**PROBLEM REQUIREMENTS**
A word-for-word copy is required of the line containing "155.702 110.236 0)" and of each line after it in the material below, through the last one.

**RECORDS FOR THE EXERCISE**
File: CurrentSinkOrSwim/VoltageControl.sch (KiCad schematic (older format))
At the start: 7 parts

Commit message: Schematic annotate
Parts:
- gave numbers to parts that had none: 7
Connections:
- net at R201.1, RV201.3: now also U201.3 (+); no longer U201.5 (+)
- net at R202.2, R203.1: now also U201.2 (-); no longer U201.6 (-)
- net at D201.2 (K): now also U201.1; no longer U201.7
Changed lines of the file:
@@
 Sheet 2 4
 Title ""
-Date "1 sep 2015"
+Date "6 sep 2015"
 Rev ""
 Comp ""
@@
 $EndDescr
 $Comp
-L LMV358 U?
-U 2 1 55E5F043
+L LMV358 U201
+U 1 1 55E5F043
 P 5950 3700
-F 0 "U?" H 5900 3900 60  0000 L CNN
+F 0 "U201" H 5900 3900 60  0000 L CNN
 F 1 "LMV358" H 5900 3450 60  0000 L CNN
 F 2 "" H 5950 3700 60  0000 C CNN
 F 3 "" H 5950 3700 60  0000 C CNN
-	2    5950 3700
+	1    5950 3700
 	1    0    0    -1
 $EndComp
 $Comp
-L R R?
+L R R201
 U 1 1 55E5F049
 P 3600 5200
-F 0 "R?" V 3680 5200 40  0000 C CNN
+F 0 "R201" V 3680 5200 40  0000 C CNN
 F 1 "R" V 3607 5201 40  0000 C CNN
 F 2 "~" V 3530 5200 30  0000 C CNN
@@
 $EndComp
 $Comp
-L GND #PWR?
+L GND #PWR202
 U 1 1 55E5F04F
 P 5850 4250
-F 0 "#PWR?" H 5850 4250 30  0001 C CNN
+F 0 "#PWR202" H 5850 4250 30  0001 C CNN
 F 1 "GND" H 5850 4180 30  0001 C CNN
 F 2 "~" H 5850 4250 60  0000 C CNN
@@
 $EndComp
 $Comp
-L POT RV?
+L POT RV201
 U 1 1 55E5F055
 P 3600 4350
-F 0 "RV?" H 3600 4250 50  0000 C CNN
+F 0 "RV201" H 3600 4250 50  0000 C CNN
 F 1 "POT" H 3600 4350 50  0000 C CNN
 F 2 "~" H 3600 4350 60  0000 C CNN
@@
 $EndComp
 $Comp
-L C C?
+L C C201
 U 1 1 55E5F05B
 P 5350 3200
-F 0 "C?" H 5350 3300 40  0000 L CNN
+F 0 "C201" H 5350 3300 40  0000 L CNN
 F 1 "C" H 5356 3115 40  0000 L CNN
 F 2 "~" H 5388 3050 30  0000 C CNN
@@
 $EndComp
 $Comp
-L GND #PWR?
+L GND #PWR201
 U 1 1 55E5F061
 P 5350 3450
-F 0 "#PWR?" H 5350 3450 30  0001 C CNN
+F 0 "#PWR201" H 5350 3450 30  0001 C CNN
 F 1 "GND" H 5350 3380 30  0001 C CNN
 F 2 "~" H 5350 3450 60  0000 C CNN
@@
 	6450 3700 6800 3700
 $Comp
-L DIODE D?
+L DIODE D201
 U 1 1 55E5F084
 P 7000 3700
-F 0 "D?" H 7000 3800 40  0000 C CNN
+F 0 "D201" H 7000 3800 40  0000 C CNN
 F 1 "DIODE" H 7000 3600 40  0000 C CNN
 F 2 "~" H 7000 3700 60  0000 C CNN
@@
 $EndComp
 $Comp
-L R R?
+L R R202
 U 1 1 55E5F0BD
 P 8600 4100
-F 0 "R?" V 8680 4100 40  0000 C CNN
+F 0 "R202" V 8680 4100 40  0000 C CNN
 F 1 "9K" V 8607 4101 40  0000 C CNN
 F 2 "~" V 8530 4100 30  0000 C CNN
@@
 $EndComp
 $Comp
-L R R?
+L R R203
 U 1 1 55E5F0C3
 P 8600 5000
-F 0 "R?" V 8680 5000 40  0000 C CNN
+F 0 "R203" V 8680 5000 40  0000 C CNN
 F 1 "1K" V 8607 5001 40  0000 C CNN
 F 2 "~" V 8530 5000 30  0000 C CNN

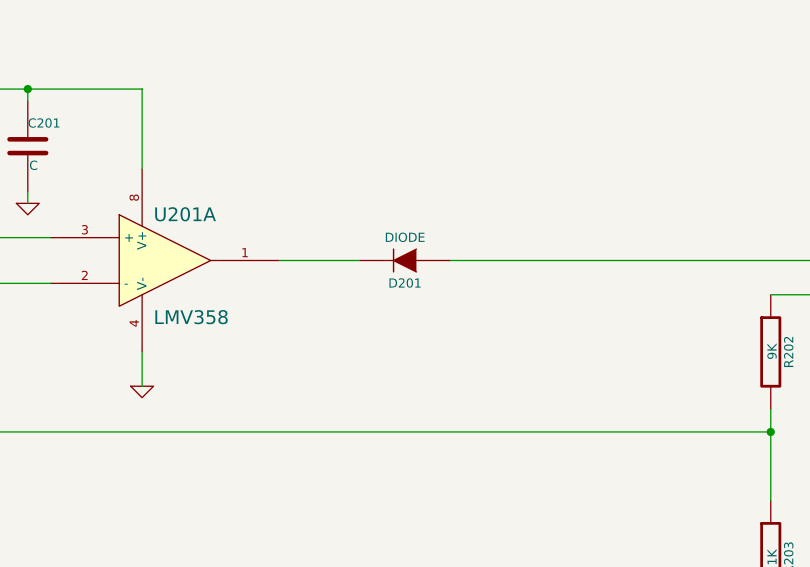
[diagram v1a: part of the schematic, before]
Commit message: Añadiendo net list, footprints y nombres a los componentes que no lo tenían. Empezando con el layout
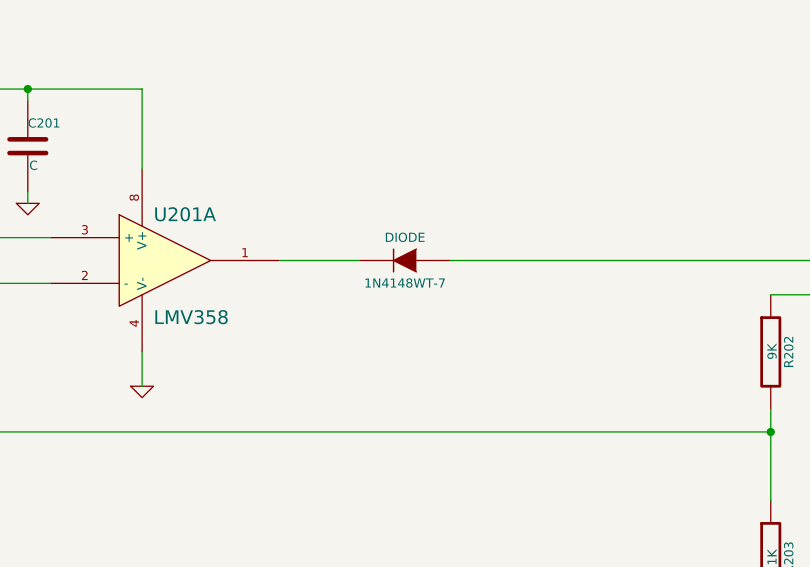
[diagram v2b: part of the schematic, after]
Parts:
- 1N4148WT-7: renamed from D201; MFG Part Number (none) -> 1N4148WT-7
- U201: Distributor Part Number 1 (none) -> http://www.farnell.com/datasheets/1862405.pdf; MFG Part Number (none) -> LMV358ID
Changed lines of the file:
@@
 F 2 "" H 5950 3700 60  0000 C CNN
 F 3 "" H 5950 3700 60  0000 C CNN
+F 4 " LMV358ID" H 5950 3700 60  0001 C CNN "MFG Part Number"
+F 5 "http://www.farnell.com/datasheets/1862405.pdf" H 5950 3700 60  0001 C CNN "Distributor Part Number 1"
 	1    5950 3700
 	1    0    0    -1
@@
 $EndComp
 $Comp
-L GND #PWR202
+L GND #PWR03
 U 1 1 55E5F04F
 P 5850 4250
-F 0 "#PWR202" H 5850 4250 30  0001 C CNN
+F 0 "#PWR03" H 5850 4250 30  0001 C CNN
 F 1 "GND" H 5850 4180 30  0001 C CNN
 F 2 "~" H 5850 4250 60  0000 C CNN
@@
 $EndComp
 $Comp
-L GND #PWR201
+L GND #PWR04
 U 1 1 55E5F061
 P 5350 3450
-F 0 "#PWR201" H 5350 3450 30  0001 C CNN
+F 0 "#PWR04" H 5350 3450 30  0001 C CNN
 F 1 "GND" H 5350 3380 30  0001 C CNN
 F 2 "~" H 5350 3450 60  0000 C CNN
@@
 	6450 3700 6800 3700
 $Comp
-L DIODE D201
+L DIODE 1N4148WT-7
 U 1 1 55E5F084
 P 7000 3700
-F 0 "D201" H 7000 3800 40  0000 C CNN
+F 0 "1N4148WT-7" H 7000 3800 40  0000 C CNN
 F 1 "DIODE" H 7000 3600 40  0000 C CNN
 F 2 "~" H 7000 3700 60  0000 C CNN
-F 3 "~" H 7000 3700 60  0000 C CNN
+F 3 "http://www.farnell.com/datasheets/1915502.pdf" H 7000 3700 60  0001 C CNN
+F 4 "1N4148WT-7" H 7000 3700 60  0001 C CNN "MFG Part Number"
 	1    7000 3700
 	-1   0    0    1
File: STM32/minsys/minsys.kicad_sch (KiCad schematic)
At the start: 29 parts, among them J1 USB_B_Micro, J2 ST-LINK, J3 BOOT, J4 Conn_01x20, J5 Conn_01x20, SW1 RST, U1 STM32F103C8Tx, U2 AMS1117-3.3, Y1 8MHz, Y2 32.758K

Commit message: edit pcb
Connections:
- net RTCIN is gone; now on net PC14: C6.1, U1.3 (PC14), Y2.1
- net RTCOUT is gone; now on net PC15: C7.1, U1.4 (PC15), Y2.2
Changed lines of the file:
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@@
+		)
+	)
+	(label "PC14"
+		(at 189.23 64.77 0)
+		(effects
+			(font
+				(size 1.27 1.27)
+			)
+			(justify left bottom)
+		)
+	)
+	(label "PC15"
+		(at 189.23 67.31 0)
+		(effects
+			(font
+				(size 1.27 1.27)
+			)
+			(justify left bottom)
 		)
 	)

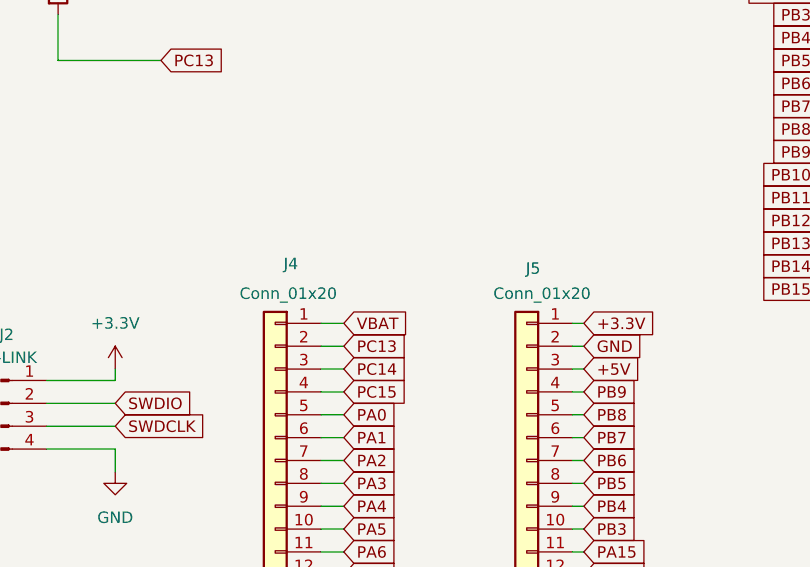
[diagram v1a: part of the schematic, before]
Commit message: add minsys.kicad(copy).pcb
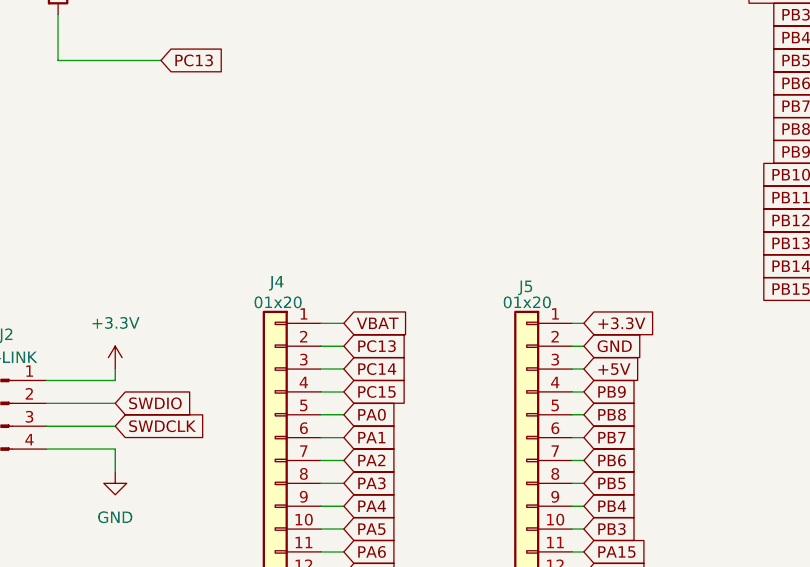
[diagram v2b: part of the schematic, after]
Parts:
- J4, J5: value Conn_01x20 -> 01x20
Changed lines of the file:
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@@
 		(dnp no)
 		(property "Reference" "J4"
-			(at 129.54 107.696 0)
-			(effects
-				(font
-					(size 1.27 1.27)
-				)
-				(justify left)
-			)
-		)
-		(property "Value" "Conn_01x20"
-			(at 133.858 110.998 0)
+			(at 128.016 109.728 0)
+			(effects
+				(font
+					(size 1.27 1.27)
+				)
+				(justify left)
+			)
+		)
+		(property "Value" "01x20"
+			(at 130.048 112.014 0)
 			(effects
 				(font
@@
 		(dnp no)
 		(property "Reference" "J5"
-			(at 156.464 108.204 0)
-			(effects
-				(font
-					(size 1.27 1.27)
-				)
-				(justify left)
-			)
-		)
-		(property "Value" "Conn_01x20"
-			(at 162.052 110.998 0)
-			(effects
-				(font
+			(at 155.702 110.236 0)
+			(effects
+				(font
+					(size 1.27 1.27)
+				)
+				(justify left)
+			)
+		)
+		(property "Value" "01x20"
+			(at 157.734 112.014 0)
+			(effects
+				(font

**TASK OUTPUT**
+			(at 155.702 110.236 0)
+			(effects
+				(font
+					(size 1.27 1.27)
+				)
+				(justify left)
+			)
+		)
+		(property "Value" "01x20"
+			(at 157.734 112.014 0)
+			(effects
+				(font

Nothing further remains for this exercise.